By Brother Stafford
Step right up, folks! Experience the new and improved "Glitter Ashes™ to Go!" Come all ye on-the-go Papists, rapists and hedonistic heretics. Have no time to sit through your blasphemous masses? Just drive up and we'll give you your ashy forehead crosses right through your car window. Want a little more pizazz with your penance? A little razz-ma-tazz with your repentance? Try our new Glitter Ashes™! Who says you can't proudly display your sorrow and your sodomy for all the world to see? Our new Glitter Ashes™ are like an activist t-shirt for your forehead!
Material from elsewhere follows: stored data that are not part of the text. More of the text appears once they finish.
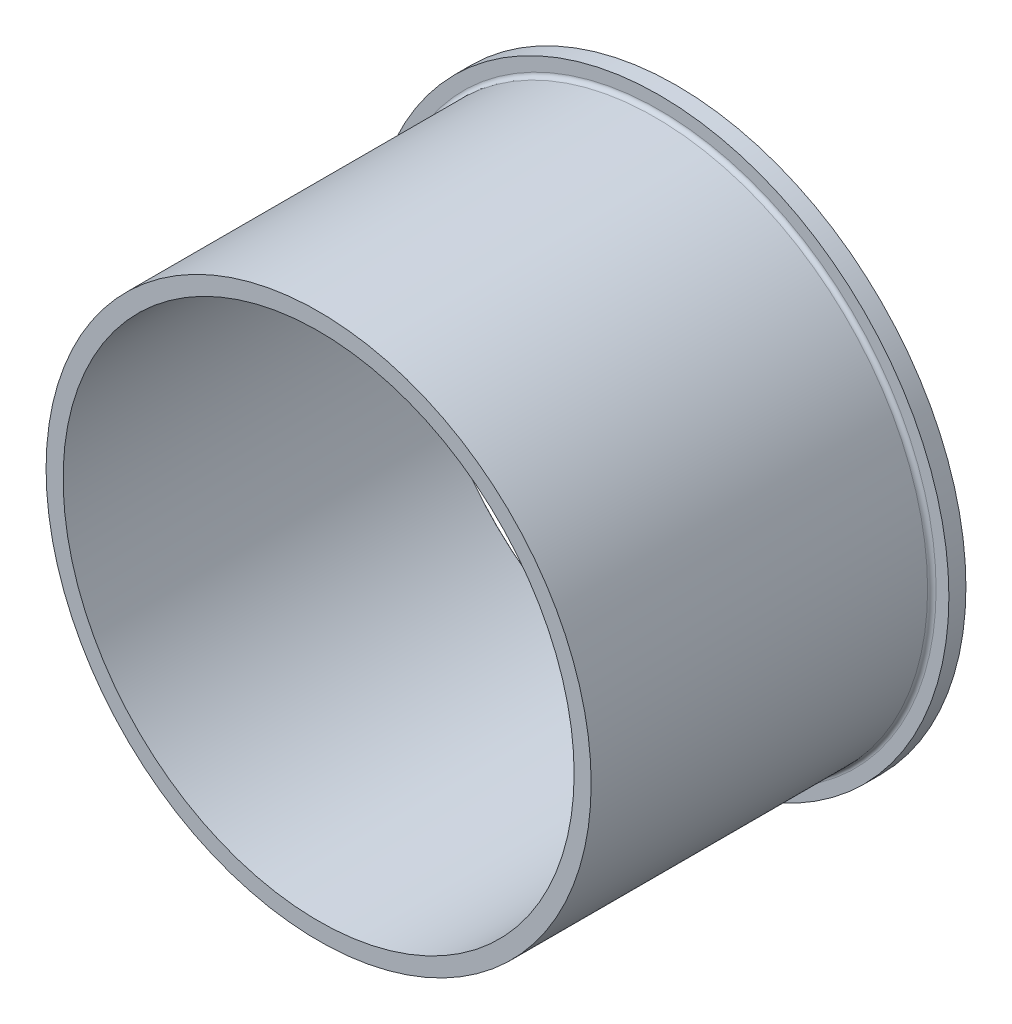
ISO-10303-21;
HEADER;
FILE_DESCRIPTION(('STEP AP214'),'2;1');
FILE_NAME('part.step','',(''),(''),'','','');
FILE_SCHEMA(('AUTOMOTIVE_DESIGN { 1 0 10303 214 1 1 1 1 }'));
ENDSEC;
DATA;
#1=APPLICATION_CONTEXT('core data for automotive mechanical design processes');
#2=APPLICATION_PROTOCOL_DEFINITION('international standard','automotive_design',2000,#1);
#3=PRODUCT_CONTEXT('',#1,'mechanical');
#4=PRODUCT('Part','Part','',(#3));
#5=PRODUCT_RELATED_PRODUCT_CATEGORY('part','',(#4));
#6=PRODUCT_DEFINITION_FORMATION('','',#4);
#7=PRODUCT_DEFINITION_CONTEXT('part definition',#1,'design');
#8=PRODUCT_DEFINITION('design','',#6,#7);
#9=PRODUCT_DEFINITION_SHAPE('','',#8);
#10=(LENGTH_UNIT() NAMED_UNIT(*) SI_UNIT(.MILLI.,.METRE.));
#11=(NAMED_UNIT(*) PLANE_ANGLE_UNIT() SI_UNIT($,.RADIAN.));
#12=(NAMED_UNIT(*) SI_UNIT($,.STERADIAN.) SOLID_ANGLE_UNIT());
#13=UNCERTAINTY_MEASURE_WITH_UNIT(LENGTH_MEASURE(1.E-05),#10,'distance_accuracy_value','');
#14=(GEOMETRIC_REPRESENTATION_CONTEXT(3) GLOBAL_UNCERTAINTY_ASSIGNED_CONTEXT((#13)) GLOBAL_UNIT_ASSIGNED_CONTEXT((#10,
#11,#12)) REPRESENTATION_CONTEXT('',''));
#15=CARTESIAN_POINT('',(0.,0.,0.));
#16=DIRECTION('',(0.,0.,1.));
#17=DIRECTION('',(1.,0.,0.));
#18=AXIS2_PLACEMENT_3D('',#15,#16,#17);
#19=CARTESIAN_POINT('',(0.,0.,0.));
#20=DIRECTION('',(0.,0.,-1.));
#21=DIRECTION('',(1.,0.,0.));
#22=AXIS2_PLACEMENT_3D('',#19,#20,#21);
#23=CYLINDRICAL_SURFACE('',#22,16.);
#24=DIRECTION('',(0.,0.,1.));
#25=VECTOR('',#24,1.);
#26=CARTESIAN_POINT('',(16.,0.,0.));
#27=LINE('',#26,#25);
#28=CARTESIAN_POINT('',(16.,0.,1.2499));
#29=VERTEX_POINT('',#28);
#30=CARTESIAN_POINT('',(16.,0.,21.));
#31=VERTEX_POINT('',#30);
#32=EDGE_CURVE('E11',#29,#31,#27,.T.);
#33=ORIENTED_EDGE('',*,*,#32,.T.);
#34=CARTESIAN_POINT('',(0.,0.,21.));
#35=DIRECTION('',(0.,0.,1.));
#36=DIRECTION('',(1.,0.,0.));
#37=AXIS2_PLACEMENT_3D('',#34,#35,#36);
#38=CIRCLE('',#37,16.);
#39=EDGE_CURVE('E74',#31,#31,#38,.T.);
#40=ORIENTED_EDGE('',*,*,#39,.F.);
#41=ORIENTED_EDGE('',*,*,#32,.F.);
#42=CARTESIAN_POINT('',(0.,0.,1.2499));
#43=DIRECTION('',(0.,0.,-1.));
#44=DIRECTION('',(1.,0.,0.));
#45=AXIS2_PLACEMENT_3D('',#42,#43,#44);
#46=CIRCLE('',#45,16.);
#47=EDGE_CURVE('E66',#29,#29,#46,.T.);
#48=ORIENTED_EDGE('',*,*,#47,.F.);
#49=EDGE_LOOP('',(#33,#40,#41,#48));
#50=FACE_BOUND('',#49,.T.);
#51=ADVANCED_FACE('F57',(#50),#23,.T.);
#52=CARTESIAN_POINT('',(0.,0.,0.));
#53=DIRECTION('',(0.,0.,-1.));
#54=DIRECTION('',(1.,0.,0.));
#55=AXIS2_PLACEMENT_3D('',#52,#53,#54);
#56=CYLINDRICAL_SURFACE('',#55,15.);
#57=CARTESIAN_POINT('',(0.,0.,21.));
#58=DIRECTION('',(0.,0.,1.));
#59=DIRECTION('',(1.,0.,0.));
#60=AXIS2_PLACEMENT_3D('',#57,#58,#59);
#61=CIRCLE('',#60,15.);
#62=CARTESIAN_POINT('',(15.,0.,21.));
#63=VERTEX_POINT('',#62);
#64=EDGE_CURVE('E60',#63,#63,#61,.F.);
#65=ORIENTED_EDGE('',*,*,#64,.F.);
#66=DIRECTION('',(0.,0.,1.));
#67=VECTOR('',#66,1.);
#68=CARTESIAN_POINT('',(15.,0.,0.));
#69=LINE('',#68,#67);
#70=CARTESIAN_POINT('',(15.,0.,0.01));
#71=VERTEX_POINT('',#70);
#72=EDGE_CURVE('E126',#71,#63,#69,.T.);
#73=ORIENTED_EDGE('',*,*,#72,.F.);
#74=CARTESIAN_POINT('',(0.,0.,0.01));
#75=DIRECTION('',(0.,0.,1.));
#76=DIRECTION('',(1.,0.,0.));
#77=AXIS2_PLACEMENT_3D('',#74,#75,#76);
#78=CIRCLE('',#77,15.);
#79=EDGE_CURVE('E103',#71,#71,#78,.T.);
#80=ORIENTED_EDGE('',*,*,#79,.F.);
#81=ORIENTED_EDGE('',*,*,#72,.T.);
#82=EDGE_LOOP('',(#65,#73,#80,#81));
#83=FACE_BOUND('',#82,.T.);
#84=ADVANCED_FACE('F135',(#83),#56,.F.);
#85=CARTESIAN_POINT('',(0.,0.,1.));
#86=DIRECTION('',(0.,0.,1.));
#87=DIRECTION('',(1.,0.,0.));
#88=AXIS2_PLACEMENT_3D('',#85,#86,#87);
#89=PLANE('',#88);
#90=CARTESIAN_POINT('',(0.,0.,1.));
#91=DIRECTION('',(0.,0.,-1.));
#92=DIRECTION('',(1.,0.,0.));
#93=AXIS2_PLACEMENT_3D('',#90,#91,#92);
#94=CIRCLE('',#93,16.2499);
#95=CARTESIAN_POINT('',(16.2499,0.,1.));
#96=VERTEX_POINT('',#95);
#97=EDGE_CURVE('E122',#96,#96,#94,.T.);
#98=ORIENTED_EDGE('',*,*,#97,.T.);
#99=EDGE_LOOP('',(#98));
#100=FACE_BOUND('',#99,.T.);
#101=CARTESIAN_POINT('',(0.,0.,1.));
#102=DIRECTION('',(0.,0.,1.));
#103=DIRECTION('',(1.,0.,0.));
#104=AXIS2_PLACEMENT_3D('',#101,#102,#103);
#105=CIRCLE('',#104,17.);
#106=CARTESIAN_POINT('',(17.,0.,1.));
#107=VERTEX_POINT('',#106);
#108=EDGE_CURVE('E116',#107,#107,#105,.T.);
#109=ORIENTED_EDGE('',*,*,#108,.T.);
#110=EDGE_LOOP('',(#109));
#111=FACE_BOUND('',#110,.T.);
#112=ADVANCED_FACE('F143',(#100,#111),#89,.T.);
#113=CARTESIAN_POINT('',(0.,0.,0.));
#114=DIRECTION('',(0.,0.,1.));
#115=DIRECTION('',(1.,0.,0.));
#116=AXIS2_PLACEMENT_3D('',#113,#114,#115);
#117=PLANE('',#116);
#118=CARTESIAN_POINT('',(0.,0.,0.));
#119=DIRECTION('',(0.,0.,1.));
#120=DIRECTION('',(1.,0.,0.));
#121=AXIS2_PLACEMENT_3D('',#118,#119,#120);
#122=CIRCLE('',#121,15.004663076582);
#123=CARTESIAN_POINT('',(15.004663076582,0.,0.));
#124=VERTEX_POINT('',#123);
#125=EDGE_CURVE('E101',#124,#124,#122,.T.);
#126=ORIENTED_EDGE('',*,*,#125,.T.);
#127=EDGE_LOOP('',(#126));
#128=FACE_BOUND('',#127,.T.);
#129=CARTESIAN_POINT('',(0.,0.,0.));
#130=DIRECTION('',(0.,0.,1.));
#131=DIRECTION('',(1.,0.,0.));
#132=AXIS2_PLACEMENT_3D('',#129,#130,#131);
#133=CIRCLE('',#132,17.);
#134=CARTESIAN_POINT('',(17.,0.,0.));
#135=VERTEX_POINT('',#134);
#136=EDGE_CURVE('E110',#135,#135,#133,.T.);
#137=ORIENTED_EDGE('',*,*,#136,.F.);
#138=EDGE_LOOP('',(#137));
#139=FACE_BOUND('',#138,.T.);
#140=ADVANCED_FACE('F107',(#128,#139),#117,.F.);
#141=CARTESIAN_POINT('',(0.,0.,1.2499));
#142=DIRECTION('',(0.,0.,1.));
#143=DIRECTION('',(1.,0.,0.));
#144=AXIS2_PLACEMENT_3D('',#141,#142,#143);
#145=TOROIDAL_SURFACE('',#144,16.2499,0.2499);
#146=CARTESIAN_POINT('',(16.2499,0.,1.2499));
#147=DIRECTION('',(0.,-1.,0.));
#148=DIRECTION('',(1.,0.,0.));
#149=AXIS2_PLACEMENT_3D('',#146,#147,#148);
#150=CIRCLE('',#149,0.2499);
#151=EDGE_CURVE('E119',#29,#96,#150,.T.);
#152=ORIENTED_EDGE('',*,*,#151,.F.);
#153=ORIENTED_EDGE('',*,*,#47,.T.);
#154=ORIENTED_EDGE('',*,*,#151,.T.);
#155=ORIENTED_EDGE('',*,*,#97,.F.);
#156=EDGE_LOOP('',(#152,#153,#154,#155));
#157=FACE_BOUND('',#156,.T.);
#158=ADVANCED_FACE('F155',(#157),#145,.F.);
#159=CARTESIAN_POINT('',(0.,0.,0.01));
#160=DIRECTION('',(0.,0.,-1.));
#161=DIRECTION('',(1.,0.,0.));
#162=AXIS2_PLACEMENT_3D('',#159,#160,#161);
#163=CONICAL_SURFACE('',#162,15.,0.436332312999);
#164=DIRECTION('',(0.422618261740812,0.,-0.906307787036597));
#165=VECTOR('',#164,1.);
#166=CARTESIAN_POINT('',(15.,0.,0.01));
#167=LINE('',#166,#165);
#168=EDGE_CURVE('E98',#71,#124,#167,.T.);
#169=ORIENTED_EDGE('',*,*,#168,.F.);
#170=ORIENTED_EDGE('',*,*,#79,.T.);
#171=ORIENTED_EDGE('',*,*,#168,.T.);
#172=ORIENTED_EDGE('',*,*,#125,.F.);
#173=EDGE_LOOP('',(#169,#170,#171,#172));
#174=FACE_BOUND('',#173,.T.);
#175=ADVANCED_FACE('F100',(#174),#163,.F.);
#176=CARTESIAN_POINT('',(0.,0.,0.));
#177=DIRECTION('',(0.,0.,1.));
#178=DIRECTION('',(1.,0.,0.));
#179=AXIS2_PLACEMENT_3D('',#176,#177,#178);
#180=CYLINDRICAL_SURFACE('',#179,17.);
#181=ORIENTED_EDGE('',*,*,#136,.T.);
#182=EDGE_LOOP('',(#181));
#183=FACE_BOUND('',#182,.T.);
#184=ORIENTED_EDGE('',*,*,#108,.F.);
#185=EDGE_LOOP('',(#184));
#186=FACE_BOUND('',#185,.T.);
#187=ADVANCED_FACE('F145',(#183,#186),#180,.T.);
#188=CARTESIAN_POINT('',(0.,0.,21.));
#189=DIRECTION('',(0.,0.,1.));
#190=DIRECTION('',(1.,0.,0.));
#191=AXIS2_PLACEMENT_3D('',#188,#189,#190);
#192=PLANE('',#191);
#193=ORIENTED_EDGE('',*,*,#39,.T.);
#194=EDGE_LOOP('',(#193));
#195=FACE_BOUND('',#194,.T.);
#196=ORIENTED_EDGE('',*,*,#64,.T.);
#197=EDGE_LOOP('',(#196));
#198=FACE_BOUND('',#197,.T.);
#199=ADVANCED_FACE('F147',(#195,#198),#192,.T.);
#200=CLOSED_SHELL('',(#51,#84,#112,#140,#158,#175,#187,#199));
#201=MANIFOLD_SOLID_BREP('B2',#200);
#202=ADVANCED_BREP_SHAPE_REPRESENTATION('',(#18,#201),#14);
#203=SHAPE_DEFINITION_REPRESENTATION(#9,#202);
ENDSEC;
END-ISO-10303-21;
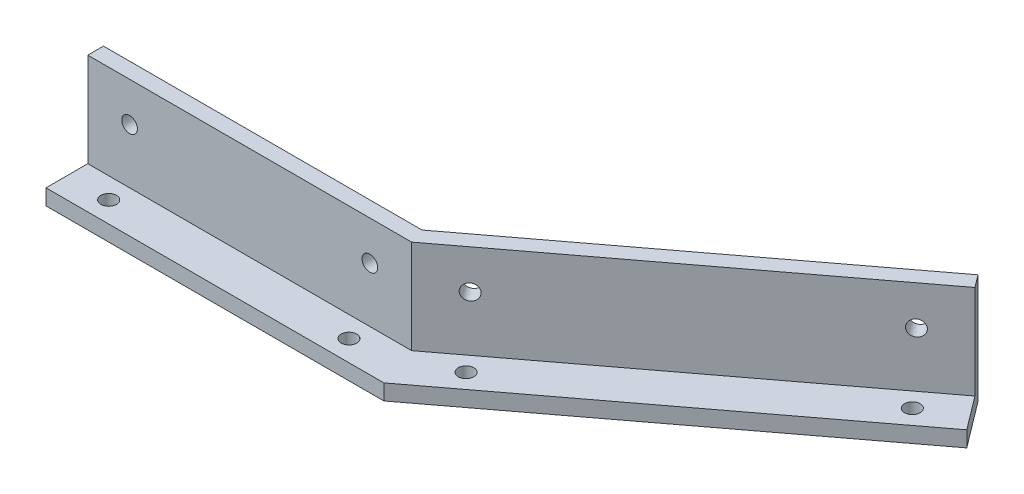
ISO-10303-21;
HEADER;
FILE_DESCRIPTION(('STEP AP214'),'2;1');
FILE_NAME('part.step','',(''),(''),'','','');
FILE_SCHEMA(('AUTOMOTIVE_DESIGN { 1 0 10303 214 1 1 1 1 }'));
ENDSEC;
DATA;
#1=APPLICATION_CONTEXT('core data for automotive mechanical design processes');
#2=APPLICATION_PROTOCOL_DEFINITION('international standard','automotive_design',2000,#1);
#3=PRODUCT_CONTEXT('',#1,'mechanical');
#4=PRODUCT('Part','Part','',(#3));
#5=PRODUCT_RELATED_PRODUCT_CATEGORY('part','',(#4));
#6=PRODUCT_DEFINITION_FORMATION('','',#4);
#7=PRODUCT_DEFINITION_CONTEXT('part definition',#1,'design');
#8=PRODUCT_DEFINITION('design','',#6,#7);
#9=PRODUCT_DEFINITION_SHAPE('','',#8);
#10=(LENGTH_UNIT() NAMED_UNIT(*) SI_UNIT(.MILLI.,.METRE.));
#11=(NAMED_UNIT(*) PLANE_ANGLE_UNIT() SI_UNIT($,.RADIAN.));
#12=(NAMED_UNIT(*) SI_UNIT($,.STERADIAN.) SOLID_ANGLE_UNIT());
#13=UNCERTAINTY_MEASURE_WITH_UNIT(LENGTH_MEASURE(1.E-05),#10,'distance_accuracy_value','');
#14=(GEOMETRIC_REPRESENTATION_CONTEXT(3) GLOBAL_UNCERTAINTY_ASSIGNED_CONTEXT((#13)) GLOBAL_UNIT_ASSIGNED_CONTEXT((#10,
#11,#12)) REPRESENTATION_CONTEXT('',''));
#15=CARTESIAN_POINT('',(0.,0.,0.));
#16=DIRECTION('',(0.,0.,1.));
#17=DIRECTION('',(1.,0.,0.));
#18=AXIS2_PLACEMENT_3D('',#15,#16,#17);
#19=CARTESIAN_POINT('',(0.,3.,0.));
#20=DIRECTION('',(1.,0.,0.));
#21=DIRECTION('',(0.,0.,-1.));
#22=AXIS2_PLACEMENT_3D('',#19,#20,#21);
#23=PLANE('',#22);
#24=DIRECTION('',(0.,0.,1.));
#25=VECTOR('',#24,1.);
#26=CARTESIAN_POINT('',(0.,0.,0.));
#27=LINE('',#26,#25);
#28=CARTESIAN_POINT('',(0.,0.,-3.));
#29=VERTEX_POINT('',#28);
#30=CARTESIAN_POINT('',(0.,0.,8.));
#31=VERTEX_POINT('',#30);
#32=EDGE_CURVE('E135',#29,#31,#27,.T.);
#33=ORIENTED_EDGE('',*,*,#32,.T.);
#34=DIRECTION('',(0.,-1.,0.));
#35=VECTOR('',#34,1.);
#36=CARTESIAN_POINT('',(0.,3.,8.));
#37=LINE('',#36,#35);
#38=CARTESIAN_POINT('',(0.,3.,8.));
#39=VERTEX_POINT('',#38);
#40=EDGE_CURVE('E11',#39,#31,#37,.T.);
#41=ORIENTED_EDGE('',*,*,#40,.F.);
#42=DIRECTION('',(0.,0.,1.));
#43=VECTOR('',#42,1.);
#44=CARTESIAN_POINT('',(0.,3.,0.));
#45=LINE('',#44,#43);
#46=CARTESIAN_POINT('',(0.,3.,0.));
#47=VERTEX_POINT('',#46);
#48=EDGE_CURVE('E144',#47,#39,#45,.T.);
#49=ORIENTED_EDGE('',*,*,#48,.F.);
#50=DIRECTION('',(0.,-1.,0.));
#51=VECTOR('',#50,1.);
#52=CARTESIAN_POINT('',(0.,21.,0.));
#53=LINE('',#52,#51);
#54=CARTESIAN_POINT('',(0.,21.,0.));
#55=VERTEX_POINT('',#54);
#56=EDGE_CURVE('E192',#55,#47,#53,.T.);
#57=ORIENTED_EDGE('',*,*,#56,.F.);
#58=DIRECTION('',(0.,0.,1.));
#59=VECTOR('',#58,1.);
#60=CARTESIAN_POINT('',(0.,21.,0.));
#61=LINE('',#60,#59);
#62=CARTESIAN_POINT('',(0.,21.,-3.));
#63=VERTEX_POINT('',#62);
#64=EDGE_CURVE('E184',#63,#55,#61,.T.);
#65=ORIENTED_EDGE('',*,*,#64,.F.);
#66=DIRECTION('',(0.,-1.,0.));
#67=VECTOR('',#66,1.);
#68=CARTESIAN_POINT('',(0.,21.,-3.));
#69=LINE('',#68,#67);
#70=EDGE_CURVE('E195',#63,#29,#69,.T.);
#71=ORIENTED_EDGE('',*,*,#70,.T.);
#72=EDGE_LOOP('',(#33,#41,#49,#57,#65,#71));
#73=FACE_BOUND('',#72,.T.);
#74=ADVANCED_FACE('F35',(#73),#23,.F.);
#75=CARTESIAN_POINT('',(0.,3.,8.));
#76=DIRECTION('',(0.,0.,-1.));
#77=DIRECTION('',(-1.,0.,0.));
#78=AXIS2_PLACEMENT_3D('',#75,#76,#77);
#79=PLANE('',#78);
#80=DIRECTION('',(1.,0.,0.));
#81=VECTOR('',#80,1.);
#82=CARTESIAN_POINT('',(0.,0.,8.));
#83=LINE('',#82,#81);
#84=CARTESIAN_POINT('',(64.6810803346857,0.,8.));
#85=VERTEX_POINT('',#84);
#86=EDGE_CURVE('E64',#31,#85,#83,.T.);
#87=ORIENTED_EDGE('',*,*,#86,.T.);
#88=DIRECTION('',(0.,-1.,0.));
#89=VECTOR('',#88,1.);
#90=CARTESIAN_POINT('',(64.6810803346857,3.,8.));
#91=LINE('',#90,#89);
#92=CARTESIAN_POINT('',(64.6810803346857,3.,8.));
#93=VERTEX_POINT('',#92);
#94=EDGE_CURVE('E43',#93,#85,#91,.T.);
#95=ORIENTED_EDGE('',*,*,#94,.F.);
#96=DIRECTION('',(1.,0.,0.));
#97=VECTOR('',#96,1.);
#98=CARTESIAN_POINT('',(0.,3.,8.));
#99=LINE('',#98,#97);
#100=EDGE_CURVE('E77',#39,#93,#99,.T.);
#101=ORIENTED_EDGE('',*,*,#100,.F.);
#102=ORIENTED_EDGE('',*,*,#40,.T.);
#103=EDGE_LOOP('',(#87,#95,#101,#102));
#104=FACE_BOUND('',#103,.T.);
#105=ADVANCED_FACE('F242',(#104),#79,.F.);
#106=CARTESIAN_POINT('',(64.6810803346857,3.,8.));
#107=DIRECTION('',(-0.602589900007111,0.,-0.798051008651339));
#108=DIRECTION('',(-0.798051008651339,0.,0.602589900007111));
#109=AXIS2_PLACEMENT_3D('',#106,#107,#108);
#110=PLANE('',#109);
#111=DIRECTION('',(0.798051008651339,0.,-0.602589900007111));
#112=VECTOR('',#111,1.);
#113=CARTESIAN_POINT('',(64.6810803346857,0.,8.));
#114=LINE('',#113,#112);
#115=CARTESIAN_POINT('',(128.27064686621,0.,-40.0150142313369));
#116=VERTEX_POINT('',#115);
#117=EDGE_CURVE('E71',#85,#116,#114,.T.);
#118=ORIENTED_EDGE('',*,*,#117,.T.);
#119=DIRECTION('',(0.,-1.,0.));
#120=VECTOR('',#119,1.);
#121=CARTESIAN_POINT('',(128.27064686621,3.,-40.0150142313369));
#122=LINE('',#121,#120);
#123=CARTESIAN_POINT('',(128.27064686621,3.,-40.0150142313369));
#124=VERTEX_POINT('',#123);
#125=EDGE_CURVE('E150',#124,#116,#122,.T.);
#126=ORIENTED_EDGE('',*,*,#125,.F.);
#127=DIRECTION('',(0.798051008651339,0.,-0.602589900007111));
#128=VECTOR('',#127,1.);
#129=CARTESIAN_POINT('',(64.6810803346857,3.,8.));
#130=LINE('',#129,#128);
#131=EDGE_CURVE('E91',#93,#124,#130,.T.);
#132=ORIENTED_EDGE('',*,*,#131,.F.);
#133=ORIENTED_EDGE('',*,*,#94,.T.);
#134=EDGE_LOOP('',(#118,#126,#132,#133));
#135=FACE_BOUND('',#134,.T.);
#136=ADVANCED_FACE('F156',(#135),#110,.F.);
#137=CARTESIAN_POINT('',(128.27064686621,3.,-40.0150142313369));
#138=DIRECTION('',(-0.798051008651335,0.,0.602589900007116));
#139=DIRECTION('',(0.602589900007117,0.,0.798051008651335));
#140=AXIS2_PLACEMENT_3D('',#137,#138,#139);
#141=PLANE('',#140);
#142=DIRECTION('',(-0.602589900007116,0.,-0.798051008651335));
#143=VECTOR('',#142,1.);
#144=CARTESIAN_POINT('',(128.27064686621,0.,-40.0150142313369));
#145=LINE('',#144,#143);
#146=CARTESIAN_POINT('',(121.642157966132,0.,-48.7935753265016));
#147=VERTEX_POINT('',#146);
#148=EDGE_CURVE('E146',#116,#147,#145,.T.);
#149=ORIENTED_EDGE('',*,*,#148,.T.);
#150=DIRECTION('',(0.,-1.,0.));
#151=VECTOR('',#150,1.);
#152=CARTESIAN_POINT('',(121.642157966132,21.,-48.7935753265016));
#153=LINE('',#152,#151);
#154=CARTESIAN_POINT('',(121.642157966132,21.,-48.7935753265016));
#155=VERTEX_POINT('',#154);
#156=EDGE_CURVE('E111',#155,#147,#153,.T.);
#157=ORIENTED_EDGE('',*,*,#156,.F.);
#158=DIRECTION('',(-0.602589900007116,0.,-0.798051008651335));
#159=VECTOR('',#158,1.);
#160=CARTESIAN_POINT('',(123.449927666153,21.,-46.3994223005476));
#161=LINE('',#160,#159);
#162=CARTESIAN_POINT('',(123.449927666153,21.,-46.3994223005476));
#163=VERTEX_POINT('',#162);
#164=EDGE_CURVE('E110',#163,#155,#161,.T.);
#165=ORIENTED_EDGE('',*,*,#164,.F.);
#166=DIRECTION('',(0.,-1.,0.));
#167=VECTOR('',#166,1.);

Church Teller: Welcome to Our Lady of Sodomy, may I take your order?
Sodomite #1: Yes, I’d like a medium Glitter Ash™ and a side of Holy Communion wafers. (Honey, do you want anything?)
Sodomite #2: Yes, I’d like an absolution and a large priest, please.
Church Teller: That’ll be Five “Hail Marys" and twelve “Glory Bes.” Pull up to the window, please.”
If you think I'm kidding, read this article: On Ash Wednesdays, ashes to go - with a little extra sparkle for LGBT Christians.
They just keep piling heretical doctrines on top of social justice issues on top of godless tradition. It's like watching Dagwood Bumstead building a Godless Worldview Sandwich™.